Multiple fan failure alert with system making noise
Applies to
- AFF and FAS systems
- ONTAP 9
- Disk Shelves
Issue
- The following alerts are reported in the event logs frequently from both nodes:
[Node-01: statd: monitor.shelf.fault:debug]: Critical fault reported on disk storage shelf attached to channel 0a. Check fans, power supplies, disks, and temperature sensors.
[Node-01: statd: monitor.fan.failed:debug]: Multiple fans has failed.

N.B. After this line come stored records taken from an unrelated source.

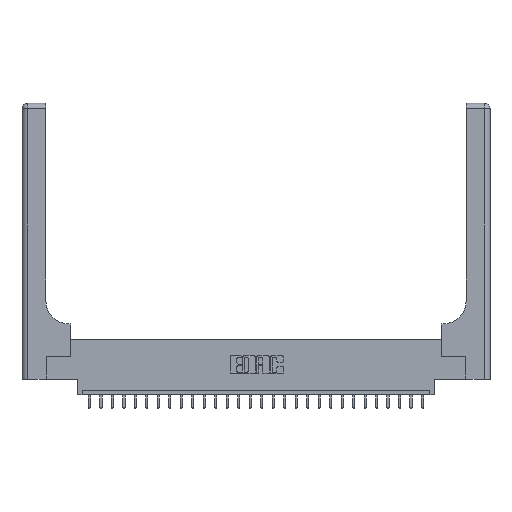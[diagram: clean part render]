
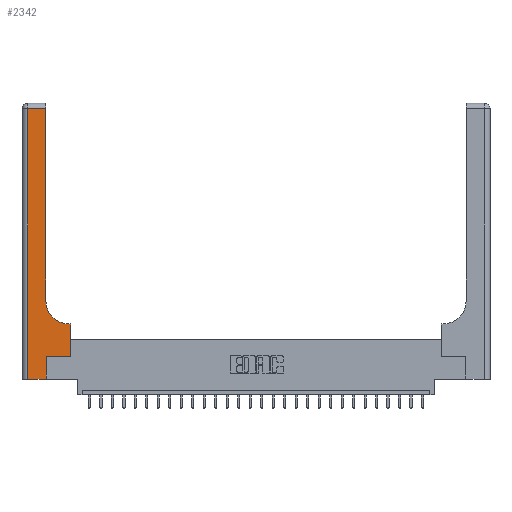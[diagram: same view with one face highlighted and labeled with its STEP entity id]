
A CAD part, top view. The second image highlights one B-rep face of the part: STEP entity #2342.
In plain terms, the highlighted planar face has unit normal (0, 0, 1).
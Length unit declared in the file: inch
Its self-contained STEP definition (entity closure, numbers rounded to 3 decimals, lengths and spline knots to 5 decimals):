
#280 = DIRECTION ( 'NONE',  ( -1., 0., 0. ) ) ;
#326 = CARTESIAN_POINT ( 'NONE',  ( 0.26, 3., 0.37 ) ) ;
#1294 = CARTESIAN_POINT ( 'NONE',  ( 0.51, 0.85, 0.37 ) ) ;
#1602 = VECTOR ( 'NONE', #24939, 39.37008 ) ;
#2058 = ORIENTED_EDGE ( 'NONE', *, *, #11461, .T. ) ;
#2342 = ADVANCED_FACE ( 'NONE', ( #5608 ), #19899, .F. ) ;
#2494 = DIRECTION ( 'NONE',  ( 0., 1., 0. ) ) ;
#2905 = VECTOR ( 'NONE', #9160, 39.37008 ) ;
#3516 = LINE ( 'NONE', #12677, #14607 ) ;
#3662 = CARTESIAN_POINT ( 'NONE',  ( 0.51, 0.6, 0.37 ) ) ;
#3733 = CARTESIAN_POINT ( 'NONE',  ( 0.26, 2.94, 0.37 ) ) ;
#4021 = VERTEX_POINT ( 'NONE', #3733 ) ;
#4142 = ORIENTED_EDGE ( 'NONE', *, *, #8071, .T. ) ;
#4935 = AXIS2_PLACEMENT_3D ( 'NONE', #1294, #16967, #15110 ) ;
#5003 = VERTEX_POINT ( 'NONE', #6692 ) ;
#5351 = VECTOR ( 'NONE', #13325, 39.37008 ) ;
#5608 = FACE_OUTER_BOUND ( 'NONE', #15788, .T. ) ;
#6042 = VECTOR ( 'NONE', #12163, 39.37008 ) ;
#6326 = CARTESIAN_POINT ( 'NONE',  ( 0., 3., 0.37 ) ) ;
#6692 = CARTESIAN_POINT ( 'NONE',  ( 0.265, 0.25, 0.37 ) ) ;
#7286 = ORIENTED_EDGE ( 'NONE', *, *, #7712, .T. ) ;
#7431 = CARTESIAN_POINT ( 'NONE',  ( 0.06, 2.94, 0.37 ) ) ;
#7447 = EDGE_CURVE ( 'NONE', #10851, #17090, #16150, .T. ) ;
#7712 = EDGE_CURVE ( 'NONE', #17090, #8345, #3516, .T. ) ;
#7868 = VERTEX_POINT ( 'NONE', #3662 ) ;
#7912 = EDGE_CURVE ( 'NONE', #13280, #7868, #13672, .T. ) ;
#8071 = EDGE_CURVE ( 'NONE', #8445, #13280, #17035, .T. ) ;
#8174 = EDGE_CURVE ( 'NONE', #4021, #10851, #20386, .T. ) ;
#8345 = VERTEX_POINT ( 'NONE', #16252 ) ;
#8445 = VERTEX_POINT ( 'NONE', #20094 ) ;
#9160 = DIRECTION ( 'NONE',  ( 0., -1., 0. ) ) ;
#10257 = CIRCLE ( 'NONE', #4935, 0.25 ) ;
#10851 = VERTEX_POINT ( 'NONE', #7431 ) ;
#11031 = DIRECTION ( 'NONE',  ( 1., 0., 0. ) ) ;
#11461 = EDGE_CURVE ( 'NONE', #8345, #5003, #11898, .T. ) ;
#11480 = CARTESIAN_POINT ( 'NONE',  ( 0.265, 0.25, 0.37 ) ) ;
#11897 = CARTESIAN_POINT ( 'NONE',  ( 0.26, 0.6, 0.37 ) ) ;
#11898 = LINE ( 'NONE', #12253, #6042 ) ;
#12163 = DIRECTION ( 'NONE',  ( 0., 1., 0. ) ) ;
#12238 = VERTEX_POINT ( 'NONE', #19833 ) ;
#12253 = CARTESIAN_POINT ( 'NONE',  ( 0.265, 0., 0.37 ) ) ;
#12677 = CARTESIAN_POINT ( 'NONE',  ( 0., 0., 0.37 ) ) ;
#12777 = DIRECTION ( 'NONE',  ( -1., 0., 0. ) ) ;
#13280 = VERTEX_POINT ( 'NONE', #17906 ) ;
#13325 = DIRECTION ( 'NONE',  ( 0., 1., 0. ) ) ;
#13423 = EDGE_CURVE ( 'NONE', #7868, #12238, #10257, .T. ) ;
#13580 = ORIENTED_EDGE ( 'NONE', *, *, #18549, .T. ) ;
#13672 = LINE ( 'NONE', #11897, #17950 ) ;
#14405 = CARTESIAN_POINT ( 'NONE',  ( 0., 2.94, 0.37 ) ) ;
#14574 = LINE ( 'NONE', #11480, #1602 ) ;
#14607 = VECTOR ( 'NONE', #11031, 39.37008 ) ;
#15110 = DIRECTION ( 'NONE',  ( 1., 0., 0. ) ) ;
#15788 = EDGE_LOOP ( 'NONE', ( #13580, #24133, #25499, #7286, #2058, #24472, #4142, #21029, #19638 ) ) ;
#16150 = LINE ( 'NONE', #22200, #2905 ) ;
#16252 = CARTESIAN_POINT ( 'NONE',  ( 0.265, 0., 0.37 ) ) ;
#16326 = DIRECTION ( 'NONE',  ( 0., 0., -1. ) ) ;
#16967 = DIRECTION ( 'NONE',  ( 0., 0., -1. ) ) ;
#17035 = LINE ( 'NONE', #23293, #5351 ) ;
#17037 = CARTESIAN_POINT ( 'NONE',  ( 0.06, 0., 0.37 ) ) ;
#17090 = VERTEX_POINT ( 'NONE', #17037 ) ;
#17906 = CARTESIAN_POINT ( 'NONE',  ( 0.528, 0.6, 0.37 ) ) ;
#17950 = VECTOR ( 'NONE', #23804, 39.37008 ) ;
#18549 = EDGE_CURVE ( 'NONE', #12238, #4021, #19611, .T. ) ;
#19611 = LINE ( 'NONE', #326, #24632 ) ;
#19638 = ORIENTED_EDGE ( 'NONE', *, *, #13423, .T. ) ;
#19833 = CARTESIAN_POINT ( 'NONE',  ( 0.26, 0.85, 0.37 ) ) ;
#19899 = PLANE ( 'NONE',  #22914 ) ;
#20094 = CARTESIAN_POINT ( 'NONE',  ( 0.528, 0.25, 0.37 ) ) ;
#20386 = LINE ( 'NONE', #14405, #21900 ) ;
#21029 = ORIENTED_EDGE ( 'NONE', *, *, #7912, .T. ) ;
#21900 = VECTOR ( 'NONE', #12777, 39.37008 ) ;
#22200 = CARTESIAN_POINT ( 'NONE',  ( 0.06, 3., 0.37 ) ) ;
#22914 = AXIS2_PLACEMENT_3D ( 'NONE', #6326, #16326, #280 ) ;
#23293 = CARTESIAN_POINT ( 'NONE',  ( 0.528, 0.25, 0.37 ) ) ;
#23804 = DIRECTION ( 'NONE',  ( -1., 0., 0. ) ) ;
#24133 = ORIENTED_EDGE ( 'NONE', *, *, #8174, .T. ) ;
#24472 = ORIENTED_EDGE ( 'NONE', *, *, #25092, .T. ) ;
#24632 = VECTOR ( 'NONE', #2494, 39.37008 ) ;
#24939 = DIRECTION ( 'NONE',  ( 1., 0., 0. ) ) ;
#25092 = EDGE_CURVE ( 'NONE', #5003, #8445, #14574, .T. ) ;
#25499 = ORIENTED_EDGE ( 'NONE', *, *, #7447, .T. ) ;
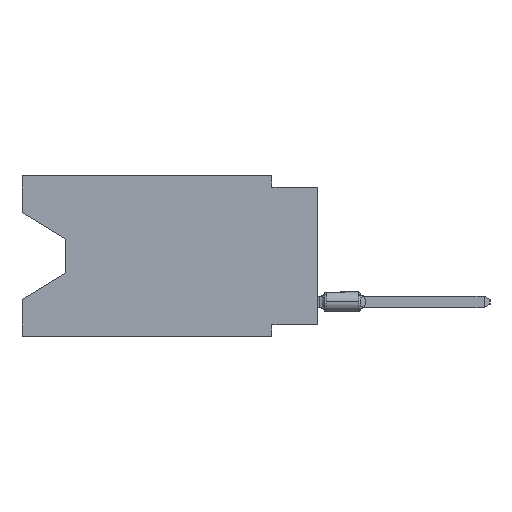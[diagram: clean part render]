
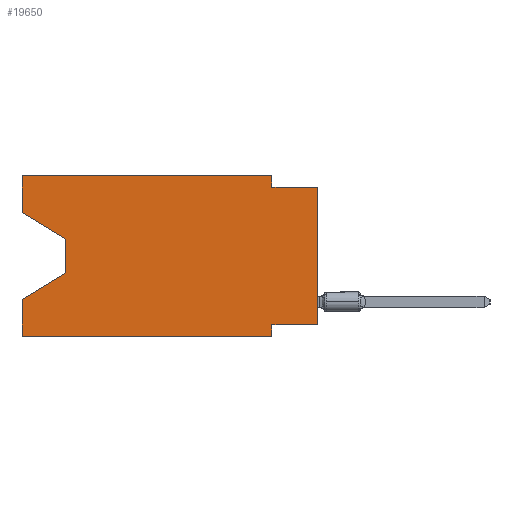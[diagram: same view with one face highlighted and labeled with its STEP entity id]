
A CAD part, left-side view. The second image highlights one B-rep face of the part: STEP entity #19650.
In plain terms, the highlighted planar face has unit normal (-1, 0, 0).
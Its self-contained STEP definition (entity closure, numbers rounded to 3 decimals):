
#156 = EDGE_CURVE ( 'NONE', #57861, #55762, #62294, .T. ) ;
#487 = VERTEX_POINT ( 'NONE', #49683 ) ;
#621 = PLANE ( 'NONE',  #25989 ) ;
#1055 = DIRECTION ( 'NONE',  ( 0., -0.855, -0.519 ) ) ;
#1926 = ORIENTED_EDGE ( 'NONE', *, *, #24034, .T. ) ;
#2203 = VECTOR ( 'NONE', #41065, 1000. ) ;
#2484 = CARTESIAN_POINT ( 'NONE',  ( 0., 0., -0.635 ) ) ;
#3643 = LINE ( 'NONE', #36496, #2203 ) ;
#3934 = VECTOR ( 'NONE', #35130, 1000. ) ;
#4063 = EDGE_CURVE ( 'NONE', #46571, #12998, #23801, .T. ) ;
#4243 = VERTEX_POINT ( 'NONE', #32390 ) ;
#4450 = EDGE_CURVE ( 'NONE', #57861, #57140, #59670, .T. ) ;
#4465 = VECTOR ( 'NONE', #64858, 1000. ) ;
#4558 = DIRECTION ( 'NONE',  ( 0., -1., 0. ) ) ;
#5003 = CARTESIAN_POINT ( 'NONE',  ( 0., 2.54, -8.89 ) ) ;
#6318 = LINE ( 'NONE', #27659, #50937 ) ;
#6564 = DIRECTION ( 'NONE',  ( 0., 0., -1. ) ) ;
#9247 = EDGE_CURVE ( 'NONE', #27825, #487, #25001, .T. ) ;
#11482 = DIRECTION ( 'NONE',  ( 1., 0., 0. ) ) ;
#11746 = DIRECTION ( 'NONE',  ( 0., 0., 1. ) ) ;
#12300 = CARTESIAN_POINT ( 'NONE',  ( 0., 0., -8.255 ) ) ;
#12439 = CARTESIAN_POINT ( 'NONE',  ( 0., 16.383, 0. ) ) ;
#12844 = VERTEX_POINT ( 'NONE', #21778 ) ;
#12998 = VERTEX_POINT ( 'NONE', #2484 ) ;
#14196 = ORIENTED_EDGE ( 'NONE', *, *, #4450, .F. ) ;
#14723 = CARTESIAN_POINT ( 'NONE',  ( 0., 16.383, -8.89 ) ) ;
#15105 = ORIENTED_EDGE ( 'NONE', *, *, #156, .T. ) ;
#16200 = VECTOR ( 'NONE', #67434, 1000. ) ;
#16773 = VECTOR ( 'NONE', #64384, 1000. ) ;
#18068 = ORIENTED_EDGE ( 'NONE', *, *, #9247, .F. ) ;
#18286 = ORIENTED_EDGE ( 'NONE', *, *, #46163, .F. ) ;
#19448 = VECTOR ( 'NONE', #39869, 1000. ) ;
#19650 = ADVANCED_FACE ( 'NONE', ( #48207 ), #621, .F. ) ;
#20347 = CARTESIAN_POINT ( 'NONE',  ( 0., 2.54, 0. ) ) ;
#21451 = LINE ( 'NONE', #5003, #24974 ) ;
#21778 = CARTESIAN_POINT ( 'NONE',  ( 0., 13.97, -3.505 ) ) ;
#22506 = VECTOR ( 'NONE', #45522, 1000. ) ;
#23801 = LINE ( 'NONE', #25071, #58065 ) ;
#24034 = EDGE_CURVE ( 'NONE', #32206, #12998, #66078, .T. ) ;
#24206 = LINE ( 'NONE', #46202, #22506 ) ;
#24974 = VECTOR ( 'NONE', #42070, 1000. ) ;
#25001 = LINE ( 'NONE', #66958, #3934 ) ;
#25071 = CARTESIAN_POINT ( 'NONE',  ( 0., 0., -0.635 ) ) ;
#25989 = AXIS2_PLACEMENT_3D ( 'NONE', #43289, #11482, #6564 ) ;
#27127 = CARTESIAN_POINT ( 'NONE',  ( 0., 2.54, 0. ) ) ;
#27659 = CARTESIAN_POINT ( 'NONE',  ( 0., 16.383, -2.038 ) ) ;
#27711 = EDGE_CURVE ( 'NONE', #61388, #46571, #49833, .T. ) ;
#27825 = VERTEX_POINT ( 'NONE', #50520 ) ;
#29016 = ORIENTED_EDGE ( 'NONE', *, *, #43683, .F. ) ;
#29049 = DIRECTION ( 'NONE',  ( 0., -1., 0. ) ) ;
#30470 = CARTESIAN_POINT ( 'NONE',  ( 0., 2.54, -0.635 ) ) ;
#32131 = CARTESIAN_POINT ( 'NONE',  ( 0., 13.97, -5.385 ) ) ;
#32206 = VERTEX_POINT ( 'NONE', #42359 ) ;
#32390 = CARTESIAN_POINT ( 'NONE',  ( 0., 2.54, -8.255 ) ) ;
#33589 = EDGE_CURVE ( 'NONE', #32206, #4243, #44107, .T. ) ;
#34004 = EDGE_LOOP ( 'NONE', ( #56840, #50585, #60923, #14196, #15105, #18286, #50189, #1926, #36354, #48547, #29016, #18068 ) ) ;
#35130 = DIRECTION ( 'NONE',  ( 0., 0., 1. ) ) ;
#36354 = ORIENTED_EDGE ( 'NONE', *, *, #4063, .F. ) ;
#36496 = CARTESIAN_POINT ( 'NONE',  ( 0., 13.97, -3.505 ) ) ;
#39869 = DIRECTION ( 'NONE',  ( 0., 1., 0. ) ) ;
#41065 = DIRECTION ( 'NONE',  ( 0., 0., -1. ) ) ;
#42070 = DIRECTION ( 'NONE',  ( 0., 0., -1. ) ) ;
#42359 = CARTESIAN_POINT ( 'NONE',  ( 0., 0., -8.255 ) ) ;
#43036 = CARTESIAN_POINT ( 'NONE',  ( 0., 16.383, 0. ) ) ;
#43289 = CARTESIAN_POINT ( 'NONE',  ( 0., 16.383, 0. ) ) ;
#43683 = EDGE_CURVE ( 'NONE', #487, #61388, #60198, .T. ) ;
#44082 = VERTEX_POINT ( 'NONE', #32131 ) ;
#44107 = LINE ( 'NONE', #12300, #19448 ) ;
#45522 = DIRECTION ( 'NONE',  ( 0., 0.855, -0.519 ) ) ;
#46163 = EDGE_CURVE ( 'NONE', #4243, #55762, #21451, .T. ) ;
#46202 = CARTESIAN_POINT ( 'NONE',  ( 0., 13.97, -5.385 ) ) ;
#46571 = VERTEX_POINT ( 'NONE', #30470 ) ;
#46796 = CARTESIAN_POINT ( 'NONE',  ( 0., 16.383, -6.852 ) ) ;
#48207 = FACE_OUTER_BOUND ( 'NONE', #34004, .T. ) ;
#48547 = ORIENTED_EDGE ( 'NONE', *, *, #27711, .F. ) ;
#48632 = EDGE_CURVE ( 'NONE', #27825, #12844, #6318, .T. ) ;
#49683 = CARTESIAN_POINT ( 'NONE',  ( 0., 16.383, 0. ) ) ;
#49833 = LINE ( 'NONE', #27127, #4465 ) ;
#50189 = ORIENTED_EDGE ( 'NONE', *, *, #33589, .F. ) ;
#50520 = CARTESIAN_POINT ( 'NONE',  ( 0., 16.383, -2.038 ) ) ;
#50585 = ORIENTED_EDGE ( 'NONE', *, *, #64623, .T. ) ;
#50937 = VECTOR ( 'NONE', #1055, 1000. ) ;
#51727 = CARTESIAN_POINT ( 'NONE',  ( 0., 0., 0. ) ) ;
#55443 = VECTOR ( 'NONE', #4558, 1000. ) ;
#55762 = VERTEX_POINT ( 'NONE', #60337 ) ;
#55886 = VECTOR ( 'NONE', #11746, 1000. ) ;
#56840 = ORIENTED_EDGE ( 'NONE', *, *, #48632, .T. ) ;
#57140 = VERTEX_POINT ( 'NONE', #46796 ) ;
#57861 = VERTEX_POINT ( 'NONE', #60961 ) ;
#58065 = VECTOR ( 'NONE', #29049, 1000. ) ;
#59670 = LINE ( 'NONE', #12439, #55886 ) ;
#60198 = LINE ( 'NONE', #43036, #16773 ) ;
#60337 = CARTESIAN_POINT ( 'NONE',  ( 0., 2.54, -8.89 ) ) ;
#60923 = ORIENTED_EDGE ( 'NONE', *, *, #67304, .T. ) ;
#60961 = CARTESIAN_POINT ( 'NONE',  ( 0., 16.383, -8.89 ) ) ;
#61388 = VERTEX_POINT ( 'NONE', #20347 ) ;
#62294 = LINE ( 'NONE', #14723, #55443 ) ;
#64384 = DIRECTION ( 'NONE',  ( 0., -1., 0. ) ) ;
#64623 = EDGE_CURVE ( 'NONE', #12844, #44082, #3643, .T. ) ;
#64858 = DIRECTION ( 'NONE',  ( 0., 0., -1. ) ) ;
#66078 = LINE ( 'NONE', #51727, #16200 ) ;
#66958 = CARTESIAN_POINT ( 'NONE',  ( 0., 16.383, 0. ) ) ;
#67304 = EDGE_CURVE ( 'NONE', #44082, #57140, #24206, .T. ) ;
#67434 = DIRECTION ( 'NONE',  ( 0., 0., 1. ) ) ;

[Node-01: env_mgr: monitor.fan.warning:debug]: multiple fans have failed. Replace it to avoid overheating
[Node-01: env_mgr: callhome.c.fan.fru.fault:debug]: Call home for CHASSIS FAN FRU FAILED: Multiple fans have failed
- The output of
storage show fault
reveals that one of the power supplies is not being detected:
::> system node run -node * -command storage show fault
Enclosure Status: unrecoverable
Channel: 0a
Shelf: 0
Shelf Type: DS224-12
Product Serial Number: 952240001855
Module Type: IOM12E
Power Supplies:
Element Status Status Bytes Status Descriptions
1: OK 01,00,00,20 RQSTED ON
2: NOT INSTALLED 05,00,00,20
Fans:
Element Status Status Bytes Status Descriptions
1: OK 01,02,EC,26
2: OK 01,02,EC,26
3: NOT INSTALLED 05,00,00,20
4: NOT INSTALLED 05,00,00,20
Input Power Monitor:
Element Status Status Bytes Status Descriptions
1: OK 01,00,29,07
2: NOT INSTALLED 05,00,00,00
Power Crest Factor:
Element Status Status Bytes Status Descriptions
1: OK 01,00,29,07
2: NOT INSTALLED 05,00,00,00
- The SP sensors are unable to report the readings even after PSU replacement:
Sensor Name State Current Critical Warning Warning Critical
Reading Low Low High High
-------------------------------------------------------------------------------------------------
SNMP Bad Fan Count MULTI_FAILED
Chassis is Under Temp NO
Chassis is Over Temp NO
PSU2 Bad invalid --
PSU1 Bad FALSE
PSU2 invalid --
PSU1 GOOD
PSU2 ON ON
PSU1 ON ON
PSU1 INFO FRU_AVAIL
PSU1 INFO FRU_AVAIL
PSU1 FRU GOOD
PSU2 FRU MULTIFAULT
Partner Status A_SIDE_PRESENT
PSU1 Present PRESENT
PSU2 Present not_available --
PSU2 5V not_available -- mV -- -- -- --
PSU2 12V not_available -- mV -- -- -- --
PSU2 5V Curr not_available -- mA -- -- -- --
PSU2 12V Curr not_available -- mA -- -- -- --
PSU2 Fan 1 not_available -- RPM -- -- -- --
PSU2 Fan 2 not_available -- RPM -- -- -- --
PSU2 Inlet Temp not_available -- C 0 C 5 C 57 C 62 C
PSU2 Hotspot Temp not_available -- C 0 C 5 C 90 C 100 C
PSU_FAN FAIL_2
- As one PSU fan is not detected, the other PSU fans start spinning faster, making noise.
- The SP/BMC is already on the latest firmware version.
- Reboot of the SP/BMC does not stop the alerts.
- The e0M port is not subjected to high traffic as described in KB: CHASSIS FAN FRU FAILED: Multiple fans have failed even after upgrading SP/BMC
- Issue persists despite performing takeover/giveback of the nodes one by one.